**DATA EXTRACT**:
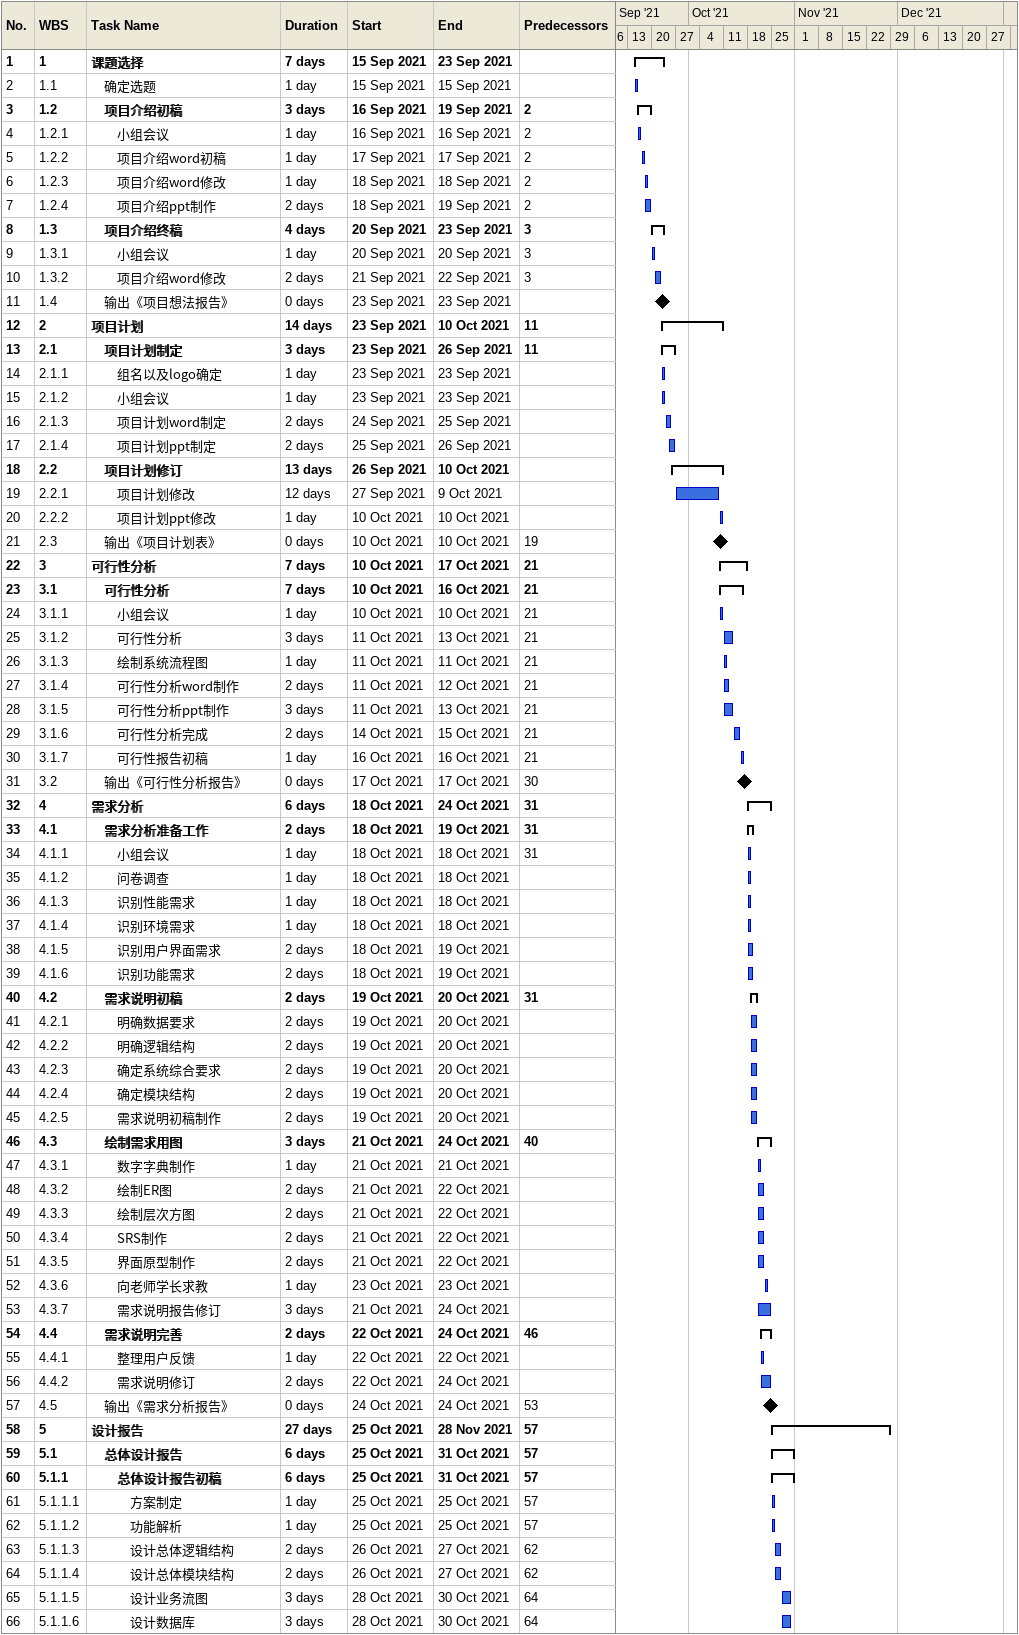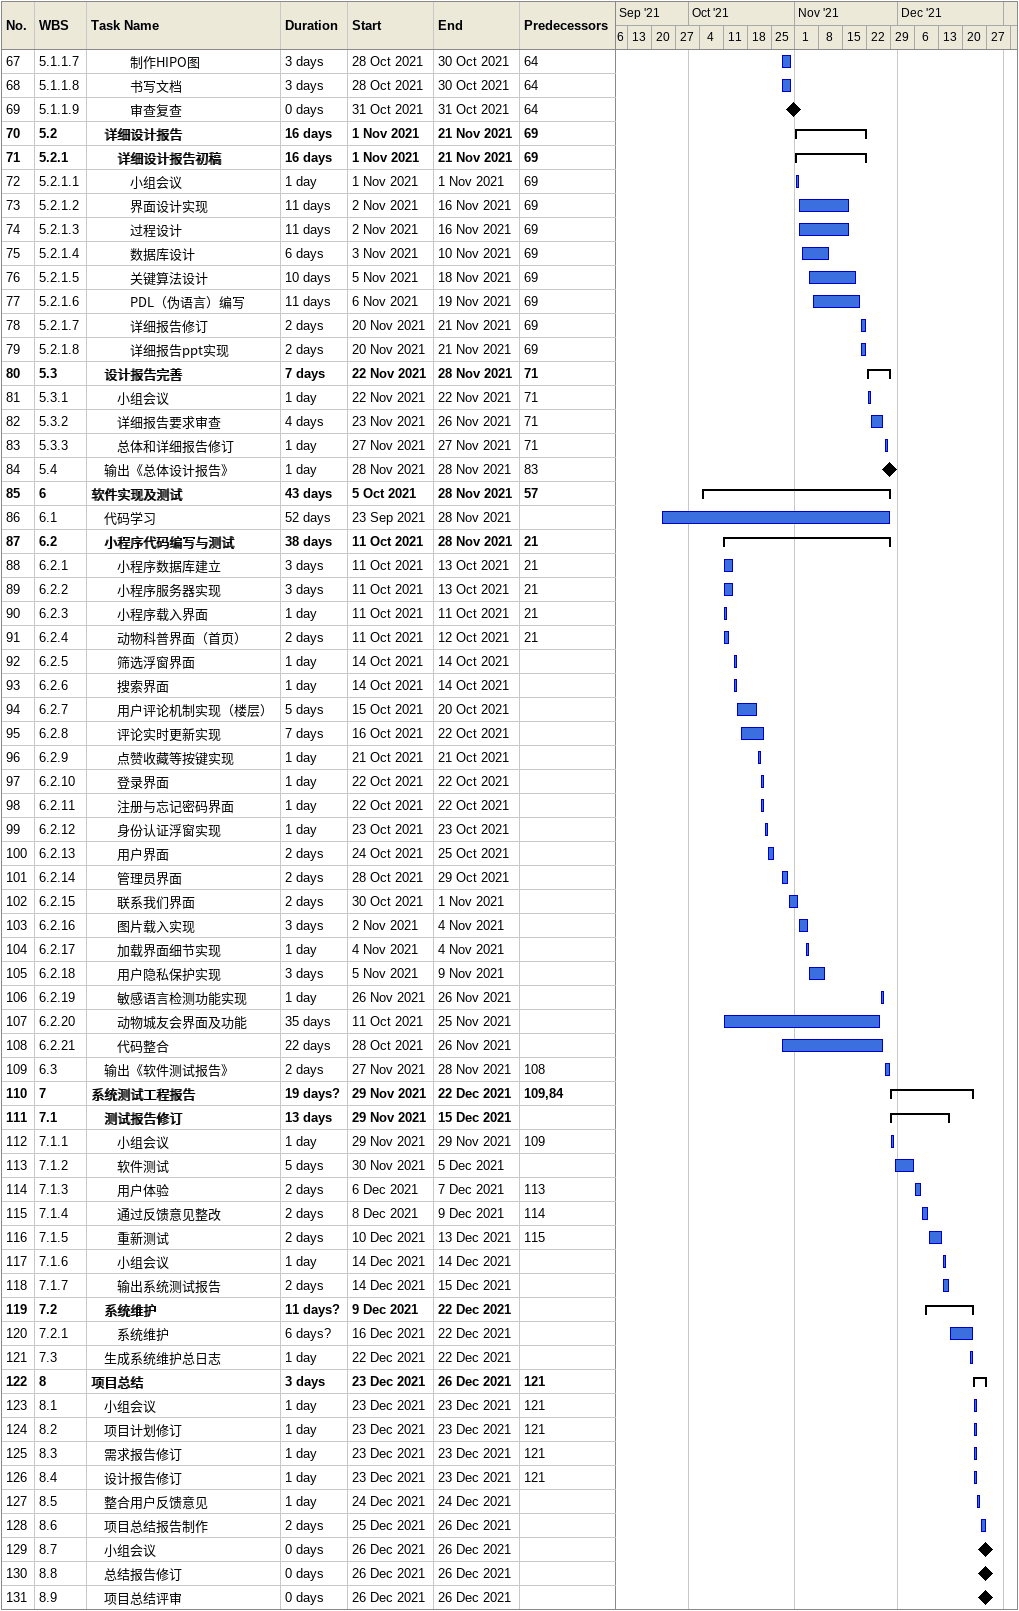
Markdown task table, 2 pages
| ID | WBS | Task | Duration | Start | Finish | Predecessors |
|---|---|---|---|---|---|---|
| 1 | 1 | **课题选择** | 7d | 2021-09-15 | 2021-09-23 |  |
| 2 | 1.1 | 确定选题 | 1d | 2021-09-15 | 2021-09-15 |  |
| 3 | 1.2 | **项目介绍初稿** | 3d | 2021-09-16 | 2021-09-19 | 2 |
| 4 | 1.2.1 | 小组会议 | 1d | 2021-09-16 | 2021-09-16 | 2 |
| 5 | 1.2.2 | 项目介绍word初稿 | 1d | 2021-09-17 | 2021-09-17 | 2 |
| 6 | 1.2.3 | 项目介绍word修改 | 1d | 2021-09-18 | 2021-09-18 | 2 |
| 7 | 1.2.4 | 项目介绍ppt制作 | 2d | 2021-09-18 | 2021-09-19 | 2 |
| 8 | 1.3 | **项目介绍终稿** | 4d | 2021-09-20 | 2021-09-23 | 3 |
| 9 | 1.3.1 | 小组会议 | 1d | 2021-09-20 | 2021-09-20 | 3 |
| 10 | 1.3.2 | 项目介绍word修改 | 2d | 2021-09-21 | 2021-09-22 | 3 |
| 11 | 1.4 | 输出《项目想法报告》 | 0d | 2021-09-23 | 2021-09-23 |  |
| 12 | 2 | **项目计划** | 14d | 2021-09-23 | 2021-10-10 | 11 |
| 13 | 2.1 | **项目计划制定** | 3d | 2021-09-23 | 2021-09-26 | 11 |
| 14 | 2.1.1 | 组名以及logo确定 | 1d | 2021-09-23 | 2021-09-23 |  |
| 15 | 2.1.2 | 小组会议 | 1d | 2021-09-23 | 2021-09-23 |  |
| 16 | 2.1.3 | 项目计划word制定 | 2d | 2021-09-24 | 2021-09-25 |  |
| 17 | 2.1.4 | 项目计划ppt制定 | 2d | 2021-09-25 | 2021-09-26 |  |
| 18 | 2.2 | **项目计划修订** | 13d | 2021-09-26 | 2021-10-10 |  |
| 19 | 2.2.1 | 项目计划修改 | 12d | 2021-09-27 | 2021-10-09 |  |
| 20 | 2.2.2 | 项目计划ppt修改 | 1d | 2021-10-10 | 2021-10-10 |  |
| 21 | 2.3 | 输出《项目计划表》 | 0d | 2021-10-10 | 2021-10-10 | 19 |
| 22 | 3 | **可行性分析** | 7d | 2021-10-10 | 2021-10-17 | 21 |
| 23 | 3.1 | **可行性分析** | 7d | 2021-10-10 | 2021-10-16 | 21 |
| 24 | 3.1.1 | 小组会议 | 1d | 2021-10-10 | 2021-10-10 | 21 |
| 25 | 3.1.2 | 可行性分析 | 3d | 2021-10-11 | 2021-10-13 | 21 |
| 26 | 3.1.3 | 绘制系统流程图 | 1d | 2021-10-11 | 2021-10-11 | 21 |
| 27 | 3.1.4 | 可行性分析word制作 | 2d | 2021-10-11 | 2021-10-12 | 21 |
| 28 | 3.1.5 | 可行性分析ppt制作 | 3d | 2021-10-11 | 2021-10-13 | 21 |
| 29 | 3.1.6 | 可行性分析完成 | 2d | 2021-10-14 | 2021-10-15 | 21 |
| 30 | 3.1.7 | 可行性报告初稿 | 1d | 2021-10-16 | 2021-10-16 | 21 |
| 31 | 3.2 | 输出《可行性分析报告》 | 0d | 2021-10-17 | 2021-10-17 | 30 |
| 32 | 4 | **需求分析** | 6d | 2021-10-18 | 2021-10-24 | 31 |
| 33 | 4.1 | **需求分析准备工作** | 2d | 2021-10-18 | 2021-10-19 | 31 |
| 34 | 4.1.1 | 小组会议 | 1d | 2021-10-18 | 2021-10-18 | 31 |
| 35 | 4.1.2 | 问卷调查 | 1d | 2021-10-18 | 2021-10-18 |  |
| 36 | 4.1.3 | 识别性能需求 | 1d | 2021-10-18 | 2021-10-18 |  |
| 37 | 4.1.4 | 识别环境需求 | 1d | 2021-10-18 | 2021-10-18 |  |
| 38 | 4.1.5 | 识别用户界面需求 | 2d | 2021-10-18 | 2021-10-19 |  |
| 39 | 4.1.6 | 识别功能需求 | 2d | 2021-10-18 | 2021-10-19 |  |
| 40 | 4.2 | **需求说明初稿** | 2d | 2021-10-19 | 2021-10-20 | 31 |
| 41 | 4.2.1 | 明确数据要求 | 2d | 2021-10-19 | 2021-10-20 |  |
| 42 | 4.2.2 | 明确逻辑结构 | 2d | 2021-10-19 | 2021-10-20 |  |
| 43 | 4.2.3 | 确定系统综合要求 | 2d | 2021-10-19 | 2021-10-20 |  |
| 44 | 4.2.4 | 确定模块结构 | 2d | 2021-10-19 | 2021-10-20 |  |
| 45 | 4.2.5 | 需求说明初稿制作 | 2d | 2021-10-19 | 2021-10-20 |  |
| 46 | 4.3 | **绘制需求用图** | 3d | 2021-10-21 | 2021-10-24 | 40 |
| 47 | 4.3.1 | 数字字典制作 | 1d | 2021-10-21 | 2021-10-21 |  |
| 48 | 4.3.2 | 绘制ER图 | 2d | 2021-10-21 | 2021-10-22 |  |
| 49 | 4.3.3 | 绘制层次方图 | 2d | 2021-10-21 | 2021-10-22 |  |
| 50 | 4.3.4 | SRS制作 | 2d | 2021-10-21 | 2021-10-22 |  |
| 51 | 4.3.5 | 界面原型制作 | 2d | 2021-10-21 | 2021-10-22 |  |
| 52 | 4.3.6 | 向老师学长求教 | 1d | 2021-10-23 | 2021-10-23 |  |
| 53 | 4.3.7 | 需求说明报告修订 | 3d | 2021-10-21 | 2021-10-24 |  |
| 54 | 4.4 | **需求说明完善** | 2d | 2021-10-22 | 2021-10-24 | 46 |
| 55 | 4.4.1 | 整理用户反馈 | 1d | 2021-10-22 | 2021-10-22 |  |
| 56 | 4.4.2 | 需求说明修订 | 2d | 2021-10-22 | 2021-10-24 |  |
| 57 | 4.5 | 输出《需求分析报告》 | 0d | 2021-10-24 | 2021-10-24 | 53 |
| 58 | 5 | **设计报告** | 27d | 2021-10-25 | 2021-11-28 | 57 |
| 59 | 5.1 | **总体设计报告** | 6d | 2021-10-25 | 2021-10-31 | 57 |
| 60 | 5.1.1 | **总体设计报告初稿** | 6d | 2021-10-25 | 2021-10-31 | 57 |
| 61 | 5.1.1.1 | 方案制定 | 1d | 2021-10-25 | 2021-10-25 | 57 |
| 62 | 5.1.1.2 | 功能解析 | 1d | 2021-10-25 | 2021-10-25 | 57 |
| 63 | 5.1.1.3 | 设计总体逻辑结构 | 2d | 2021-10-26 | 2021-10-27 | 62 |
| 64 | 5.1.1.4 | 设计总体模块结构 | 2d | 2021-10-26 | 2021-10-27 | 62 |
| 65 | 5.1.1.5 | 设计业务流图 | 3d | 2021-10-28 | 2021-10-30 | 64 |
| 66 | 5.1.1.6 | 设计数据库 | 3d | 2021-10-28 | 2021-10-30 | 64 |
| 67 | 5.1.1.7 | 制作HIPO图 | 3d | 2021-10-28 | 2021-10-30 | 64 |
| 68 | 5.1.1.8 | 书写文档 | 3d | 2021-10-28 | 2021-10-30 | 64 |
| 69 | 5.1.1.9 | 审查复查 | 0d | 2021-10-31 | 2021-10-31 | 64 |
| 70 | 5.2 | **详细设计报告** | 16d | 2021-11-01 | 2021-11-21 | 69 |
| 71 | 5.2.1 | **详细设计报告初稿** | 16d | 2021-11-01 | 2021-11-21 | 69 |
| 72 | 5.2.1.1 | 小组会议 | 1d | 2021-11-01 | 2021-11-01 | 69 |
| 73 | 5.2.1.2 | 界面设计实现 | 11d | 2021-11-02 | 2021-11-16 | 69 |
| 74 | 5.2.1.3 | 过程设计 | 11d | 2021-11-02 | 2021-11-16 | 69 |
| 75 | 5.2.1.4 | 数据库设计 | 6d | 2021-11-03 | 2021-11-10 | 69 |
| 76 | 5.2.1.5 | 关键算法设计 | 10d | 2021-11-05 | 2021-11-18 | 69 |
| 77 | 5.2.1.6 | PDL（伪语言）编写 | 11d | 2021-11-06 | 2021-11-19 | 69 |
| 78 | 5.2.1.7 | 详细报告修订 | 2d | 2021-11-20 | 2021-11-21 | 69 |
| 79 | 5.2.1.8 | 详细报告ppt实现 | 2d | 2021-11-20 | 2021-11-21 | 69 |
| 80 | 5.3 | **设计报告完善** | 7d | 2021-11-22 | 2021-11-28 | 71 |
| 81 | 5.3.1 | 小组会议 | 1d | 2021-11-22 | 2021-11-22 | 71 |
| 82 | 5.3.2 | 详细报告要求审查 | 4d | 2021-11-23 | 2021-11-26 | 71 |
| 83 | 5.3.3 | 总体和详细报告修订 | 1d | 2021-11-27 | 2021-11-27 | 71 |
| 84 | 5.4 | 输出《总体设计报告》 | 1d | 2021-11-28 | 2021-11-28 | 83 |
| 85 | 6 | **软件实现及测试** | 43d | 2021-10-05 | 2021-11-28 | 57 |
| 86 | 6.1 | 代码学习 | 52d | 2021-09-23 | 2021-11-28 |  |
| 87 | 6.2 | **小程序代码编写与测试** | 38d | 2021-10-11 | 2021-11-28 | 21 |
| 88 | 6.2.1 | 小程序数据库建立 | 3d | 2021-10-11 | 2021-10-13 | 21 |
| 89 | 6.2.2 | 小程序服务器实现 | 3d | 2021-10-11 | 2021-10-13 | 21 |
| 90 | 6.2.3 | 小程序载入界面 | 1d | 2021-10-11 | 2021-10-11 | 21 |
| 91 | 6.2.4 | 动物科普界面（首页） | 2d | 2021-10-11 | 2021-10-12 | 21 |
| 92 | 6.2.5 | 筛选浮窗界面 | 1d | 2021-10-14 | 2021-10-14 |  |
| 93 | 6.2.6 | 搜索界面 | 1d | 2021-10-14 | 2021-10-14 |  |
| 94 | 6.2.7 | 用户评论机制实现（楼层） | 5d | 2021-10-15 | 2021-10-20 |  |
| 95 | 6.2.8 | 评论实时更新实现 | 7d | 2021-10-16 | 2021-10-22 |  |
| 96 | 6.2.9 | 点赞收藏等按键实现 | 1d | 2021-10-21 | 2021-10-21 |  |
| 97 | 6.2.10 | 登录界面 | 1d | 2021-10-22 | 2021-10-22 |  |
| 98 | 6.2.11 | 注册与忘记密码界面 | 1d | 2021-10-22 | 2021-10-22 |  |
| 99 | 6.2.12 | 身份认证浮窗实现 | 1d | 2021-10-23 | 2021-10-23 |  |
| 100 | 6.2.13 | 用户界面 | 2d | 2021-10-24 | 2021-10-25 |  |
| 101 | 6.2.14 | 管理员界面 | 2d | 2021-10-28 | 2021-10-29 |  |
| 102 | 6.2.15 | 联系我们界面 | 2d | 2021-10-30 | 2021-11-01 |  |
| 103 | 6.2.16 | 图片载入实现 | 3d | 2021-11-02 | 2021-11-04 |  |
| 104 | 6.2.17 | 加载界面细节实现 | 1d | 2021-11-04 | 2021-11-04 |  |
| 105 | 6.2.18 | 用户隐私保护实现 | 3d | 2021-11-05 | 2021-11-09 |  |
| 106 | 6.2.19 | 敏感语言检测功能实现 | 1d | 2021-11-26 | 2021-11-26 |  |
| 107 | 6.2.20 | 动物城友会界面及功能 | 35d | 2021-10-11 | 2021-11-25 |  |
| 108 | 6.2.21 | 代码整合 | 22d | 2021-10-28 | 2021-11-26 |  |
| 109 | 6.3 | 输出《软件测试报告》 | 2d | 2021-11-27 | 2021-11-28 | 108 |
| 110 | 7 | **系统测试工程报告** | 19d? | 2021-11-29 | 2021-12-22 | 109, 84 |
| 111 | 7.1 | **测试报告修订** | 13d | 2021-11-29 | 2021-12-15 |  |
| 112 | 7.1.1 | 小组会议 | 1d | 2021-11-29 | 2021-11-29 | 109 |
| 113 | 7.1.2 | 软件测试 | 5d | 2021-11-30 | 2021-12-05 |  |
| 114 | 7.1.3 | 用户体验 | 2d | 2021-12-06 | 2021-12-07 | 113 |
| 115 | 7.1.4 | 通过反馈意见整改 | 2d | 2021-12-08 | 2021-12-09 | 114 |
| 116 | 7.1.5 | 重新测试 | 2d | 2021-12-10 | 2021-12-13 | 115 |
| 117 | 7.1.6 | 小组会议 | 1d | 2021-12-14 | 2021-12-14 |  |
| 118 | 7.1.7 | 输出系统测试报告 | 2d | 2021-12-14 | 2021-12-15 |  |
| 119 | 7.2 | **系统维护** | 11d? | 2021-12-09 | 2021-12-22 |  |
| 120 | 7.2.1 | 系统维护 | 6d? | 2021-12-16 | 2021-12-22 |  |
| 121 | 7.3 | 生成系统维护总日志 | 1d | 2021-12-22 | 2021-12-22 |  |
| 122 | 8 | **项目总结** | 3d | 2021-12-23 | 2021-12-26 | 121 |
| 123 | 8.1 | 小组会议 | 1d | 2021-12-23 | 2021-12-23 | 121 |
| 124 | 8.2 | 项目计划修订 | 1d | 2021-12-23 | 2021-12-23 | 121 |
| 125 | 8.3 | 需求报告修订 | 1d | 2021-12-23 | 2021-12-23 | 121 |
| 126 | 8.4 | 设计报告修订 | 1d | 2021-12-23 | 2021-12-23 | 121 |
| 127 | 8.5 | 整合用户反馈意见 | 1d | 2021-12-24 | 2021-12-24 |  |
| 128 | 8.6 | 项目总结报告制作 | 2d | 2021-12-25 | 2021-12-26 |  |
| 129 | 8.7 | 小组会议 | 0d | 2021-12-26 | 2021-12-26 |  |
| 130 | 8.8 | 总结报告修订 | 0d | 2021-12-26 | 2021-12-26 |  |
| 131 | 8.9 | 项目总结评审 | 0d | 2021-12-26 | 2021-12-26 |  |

**ABOUT THIS TASK**:
Your response should be the lines of the entries above that include the string "项目介绍word修改".

**ANSWER TO THIS TASK**:
| 6 | 1.2.3 | 项目介绍word修改 | 1d | 2021-09-18 | 2021-09-18 | 2 |
| 10 | 1.3.2 | 项目介绍word修改 | 2d | 2021-09-21 | 2021-09-22 | 3 |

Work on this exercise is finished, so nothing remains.